Output of frozen layers

noachr · March 18, 2019, 11:24pm

I am running into some behavior I can’t explain, and was hoping for some help. I am using fastai 1.0.49 and pytorch 1.0.1 on linux.
I created a notebook gist to explain my issue here: gist

To start, let me define a simple model that reproduces the issue.

class WTTest(nn.Module):
    def __init__(self,num_classes):
        super().__init__()
        self.base = create_body(models.alexnet)
        for p in self.base.parameters(): p.requires_grad = False
        self.head = create_head(256*2,num_classes)
    
    def forward(self, x):
        return self.head(self.base(x))
learn = Learner(data,WTTest(data.c))

The issue is this. If I get some data x and call learn.model.base(x) to get the activations of the base network, train the network for any length using learn.fit_one_cycle(1,1e-3), and then call
learn.model.base(x) again, the two sets of activations are different despite the fact that the base layer is frozen. However, if I compare the base layer weights before and after training, they are identical. I can’t figure out how the activations are changing despite the fact the the input and weights stay the same.
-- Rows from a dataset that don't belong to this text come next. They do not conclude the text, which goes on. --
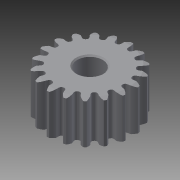
# Autodesk Inventor part: GEAHB1.0-18-10-A-6_b
Saved by Autodesk Inventor 2014 SP2 (Build 180246200, 246)
## iProperties
Created: 2019-03-13
Part Number: GEAHB1.0-18-10-A-6_b
Material: Generic
Catalog Web Link: www.cadenas.de
Description: GEAHB1.0, GEAHBB1.0, GEAHBG1.0, GEAHS1.0, GEAB1.0, GEABB1.0, GEABG1.0, GEAS1.0, GEAKB1.0, GEAKBB1.0, GEAKBG1.0, GEAKS1.0_body-Spur Gears - Pressure Angle 20 Degree Module 1.0
Vendor: MISUMI
Document SubType Name: Modeling
Designer: psadmin
Manufacturer: MISUMI
Mass: 2.186 g
Surface Area: 17.0541 cm^2
Volume: 2.186 cm^3
Density: 1 g/cm^3
Appearance: PSOLRGB-192-192-192
Category: PARTsolutions
Company: MISUMI
Title: GEAHB1.0-18-10-A-6
Author: Cadenas PARTsolutions
Comments: Spur Gears - Pressure Angle 20 Degree Module 1.0
PSOL_IDENT_0: {$CADENAS_DATA\23d-libs\misumi\metric\54_spur_gears\geab10\geab10.prj},526 {VTYP=3D},{NB=GEAHB1.0-18
PSOL_IDENT_1: -10-A-6_b},{LINA=GEAHB1.0-18-10-A-6},{NN=GEAHB1.0, GEAHBB1.0, GEAHBG1.0, GEAHS1.0, GEAB1.0, GEABB1.0
PSOL_IDENT_2: , GEABG1.0, GEAS1.0, GEAKB1.0, GEAKBB1.0, GEAKBG1.0, GEAKS1.0_body},{DATE=12.06.2018 01:08:09},{GEOM
PSOL_IDENT_3: DATE=12.06.2018 01:08:00},{VERSION=},{LINEID=20},{WBVAR=SHS,MAT,ST,NT,B,TSSE,TS,PS,ALT1,ALT2,TPC,ALT
PSOL_IDENT_4: 11,ALT10,BS,ALT4,Z,J,ALT5,Q,R,S,T,ALT9,SRG,ALT6,LFC,LTC,MALT6,ALT7,KFC,KTC,K,ALT3,DIRALT3,QFC,QTC,MA
PSOL_IDENT_5: LT3,ALT8,DIRALT8,ZFC,ZTC,U},{WBNUMERIC=NT,B,BS,Z,J,Q,R,S,T,SRG,LFC,LTC,KFC,KTC,K,QFC,QTC,ZFC,ZTC,U}
PSOL_IDENT_6: {NB=GEAHB1.0-18-10-A-6_b},{LINA=GEAHB1.0-18-10-A-6},{KT=DUMMY},{PN=GEAHB1.0-18-10-A-6},{SHS=RH},{TY
PSOL_IDENT_7: PE=GEAHB},{MAT=S45C},{MATALG= 'S45C','S45C Equivalent','SUS304','SUS304' },{ST=},{STALG= '','-','BO'
PSOL_IDENT_8: ,'Black Oxide','ENP','Electroless Nickel Plating'},{AC=-},{MOD=1.0},{NT=18},{NTALG=12,13,14,15,16,17
PSOL_IDENT_9: ,18,19,20,21,22,23,24,25,26,27,28,29,30,32,33,34,35,36,38,39,40,42,44,45,46,48,49,50,51,52,54,55,56,
PSOL_IDENT_10: 57,58,60,62,63,64,65,66,68,69,70,72,75,76,77,78,80,81,84,85,88,90,91,92,95,96,98,99,100,110,120},{B=
PSOL_IDENT_11: 10},{BALG=6,8,10,12},{TSSE=TSSE},{TSSEALG= '','Not Specified','TSSE','Specified'},{TS=A},{TSALG='K','
PSOL_IDENT_12: K','A','A'},{TSPN=-A},{PS=6},{PSALG='6','6','6.35','6.35','7','7','8','8','9','9','10','10','11','11'
PSOL_IDENT_13: ,'12','12'},{P=6.00},{DD=18},{D=20},{G=15.5},{H=0},{L=0},{LL1=0},{LL2=0},{M=-},{ML=0.000},{ALT1=},{A
PSOL_IDENT_14: LT1ALG= '','N/A' },{ALT1PN=},{KC=0},{ALT2=},{ALT2ALG= '','N/A' },{TPC=N/A},{TPCALG= 'N/A' },{ALT2PN=
PSOL_IDENT_15: },{ALT11=},{ALT11ALG= '','N/A' },{ALT11PN=},{DEG=0},{ALT10=},{ALT10ALG= '','Not applicable' },{BS=0.
PSOL_IDENT_16: 0},{BSALG=0},{BSMIN=3},{BSMAX=0},{ALT10PN=},{LL13D=0},{LL23D=0},{LBS=10},{ALT4=},{ALT4ALG='','w/o St
PSOL_IDENT_17: epped Hole','DHL','with DHL (Stepped Hole)','DHR','with DHR (Stepped Hole)'},{ALT41=1},{ALT42=1},{AL
PSOL_IDENT_18: T4PN=},{Z=0},{ZALG=0},{ZPN=},{ZMINL=8},{ZMAXL=11},{ZMINR=8},{ZMAXR=11},{J=0.0},{JALG=0},{JPN=},{JMIN=
PSOL_IDENT_19: 2.0},{JMAX=0.0},{ALT5=},{ALT5ALG= '','w/o WDH (Both Ends Stepped Hole)','WDH','with WDH (Both Ends S
PSOL_IDENT_20: tepped Hole)' },{ALT5PN=},{Q=0},{QALG=0},{QPN=},{QMIN=8},{QMAX=11},{R=0},{RALG=0},{RPN=},{RMIN=8},{R
PSOL_IDENT_21: MAX=11.0},{S=0},{SALG=0},{SPN=},{SMIN=3},{SMAX=4},{T=0},{TALG=0},{TPN=},{TMIN=3},{TMAX=0},{ALT9=},{A
PSOL_IDENT_22: LT9ALG= '','Not applicable' },{SRG=0.0},{SRGALG=0},{SRGMIN=3.500},{SRGMINALG=3.500},{SRGMAX=0.000},{
PSOL_IDENT_23: SRGMAXALG=0.000},{DD2=0.0},{MM=0.00},{NN=0.00},{DD2ALG=0.000},{MMALG=0.000},{NNALG=0.000},{ALT9PN=},
PSOL_IDENT_24: {ALT6=},{ALT6ALG= '','Not applicable' },{ALT6PN=},{LFC=0},{LFCALG=0},{LTC=0},{LTCALG=0},{LPCDMIN=14}
PSOL_IDENT_25: ,{LPCDMAX=8},{MALT6=N/A},{MALT6ALG= 'N/A' },{C=0.0},{ALT7=},{ALT7ALG= '','Not applicable' },{ALT7PN=
PSOL_IDENT_26: },{KFC=0},{KFCALG=[0]},{KTC=0},{KTCALG=[0]},{KPCDMIN1=13},{KPCDMAX1=-7},{KPCDMIN2=7},{KPCDMAX2=8},{K
PSOL_IDENT_27: PCD=0},{K=0.0},{KALG=[0]},{KALT7L=10},{SCREW=0},{SCREWL=0},{ALT3=},{ALT3ALG= '','Not applicable' },{
PSOL_IDENT_28: DIRALT3=},{DIRALT3ALG= '','N/A' },{ALT3PN=},{QFC=0},{QFCALG=[0]},{QTC=0},{QTCALG=[0]},{QPCDMIN1=13},
PSOL_IDENT_29: {QPCDMAX1=-7},{QPCDMIN2=7},{QPCDMAX2=8},{CIFMALT3=3},{QPCD=0},{MALT3=N/A},{MALT3ALG= 'N/A' },{MALT3L=
PSOL_IDENT_30: 0},{MS1=3},{PITCH=0},{BB=0},{TT=0},{ALT8=},{ALT8ALG= '','Not applicable' },{DIRALT8=},{DIRALT8ALG= ''
PSOL_IDENT_31: ,'N/A' },{ALT8PN=},{ZFC=0},{ZFCALG=[0]},{ZFCMIN=16},{ZFCMAX=5},{ZTC=0},{ZTCALG=[0]},{ZPCDMIN1=16},{Z
PSOL_IDENT_32: PCDMIN2=11},{ZPCDMAX1=-10},{ZPCDMAX2=5},{ZPCD=0},{U=0},{UALG=[0]},{UMAX=0},{UMAX1=0},{UMAX2=4},{UMIN=
PSOL_IDENT_33: 3},{U1=0.0},{U2=0.0},{F=0.0},{PLANE=3},{BL1=10},{BL2=9.5},{PCD=0},{SHN=0},{SHDEG1=0},{SHDEG2=0},{PZQ
PSOL_IDENT_34: RDD2=6},{ALT3LBS=9.5},{D1=5},{D2=10},{D3=20},{D4=0.1},{D5=3},{D6=2.769231},{D7=0.85},{D8=0.5},{D9=0.
PSOL_IDENT_35: 812072},{S1=15},{S2=1},{KR=22.5}
NN: 0
NT: 18
NB: GEAHB1.0-18-10-A-6_b
NBSYN: $PN._b
LINA: GEAHB1.0-18-10-A-6
PN: GEAHB1.0-18-10-A-6
SHS: Round Hole
MAT: S45C Equivalent
ST: -
AC: -
MOD: 1
B: 10
TSSE: Specified
TS: A
PS: 6
DD: 18
D: 20
G: 15.5
H: 0
L: 0
LL1: 0
LL2: 0
M: -
ALT1: N/A
ALT2: N/A
TPC: N/A
ALT11: N/A
ALT10: Not applicable
BS: 0
ALT4: w/o Stepped Hole
Z: 0
J: 0
ALT5: w/o WDH (Both Ends Stepped Hole)
Q: 0
R: 0
S: 0
T: 0
ALT9: Not applicable
SRG: 0
DD2: 0
MM: 0
ALT6: Not applicable
LFC: 0
LTC: 0
MALT6: N/A
C: 0
ALT7: Not applicable
KFC: 0
KTC: 0
K: 0
ALT3: Not applicable
DIRALT3: N/A
QFC: 0
QTC: 0
MALT3: N/A
ALT8: Not applicable
DIRALT8: N/A
ZFC: 0
ZTC: 0
U: 0
U1: 0
U2: 0
F: 0
SUPPLIER: MISUMI
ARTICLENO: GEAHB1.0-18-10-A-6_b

The activations from before and after training don’t train all that much (usually on the order of 0.01 difference), but the more epochs I train the more they differ.

I originally thought it was an issue with batch norm statistics, but Alexnet has no batchnorm layers.

sgugger · March 18, 2019, 11:31pm

Did you put your model in eval the two times? I don’t know what could be the reason (I initially thought of BatchNorm too).

noachr · March 18, 2019, 11:33pm

I had been (though not in the gist); I just added calls to learn.model.eval() in both locations and the result is the same – the activations change slightly.

sgugger · March 18, 2019, 11:34pm

How slightly? Are you on GPU?

noachr · March 18, 2019, 11:37pm

I am on GPU. For example, after training one epoch a single feature map in the output goes from:
tensor([[0.6377, 0.0000, 0.0000],
[1.7095, 1.3126, 0.0102],
[0.0000, 0.0000, 0.0000]], device=‘cuda:0’)

To
tensor([[0.6377, 0.0000, 0.0000],
[1.7083, 1.3123, 0.0083],
[0.0000, 0.0000, 0.0000]],

Edit: and after training for 10 epochs, the resulting output becomes:
[[0.6370, 0.0000, 0.0000],
[1.7006, 1.3142, 0.0000],
[0.0000, 0.0000, 0.0000]],

sgugger · March 18, 2019, 11:48pm

Did you check your weights are exactly the same as before? With a save of the model then a load an checking with torch.all_close?

noachr · March 18, 2019, 11:52pm

I checked by saving the state dict of the base before and after, and running:

for key in prev_sd.keys():
    if not torch.equal(prev_sd[key],post_sd[key]):
        print(key)

No keys were printed.
I just tried again using torch.allclose instead, and got the same result.

sgugger · March 19, 2019, 12:19am

Are you sure you don’t have any kind of augmentation on your data?

noachr · March 19, 2019, 12:43am

Not using augmentation. In addition, I am only grabbing a batch of data once x,y = next(iter(data.valid_dl)) and using the same batch for both tests.

noachr · March 19, 2019, 1:46am

I’ve done some more tests, and this only seems to occur when using Alexnet or vgg16/19 as the base network. I tried resnets and densenets, and it doesn’t happen in those cases.

sgugger · March 19, 2019, 1:19pm

And if you do the predictions ten times in a row without doing training in the middle, do you always get the same exact result?

noachr · March 19, 2019, 6:11pm

Yes, without training in the middle I always get identical results.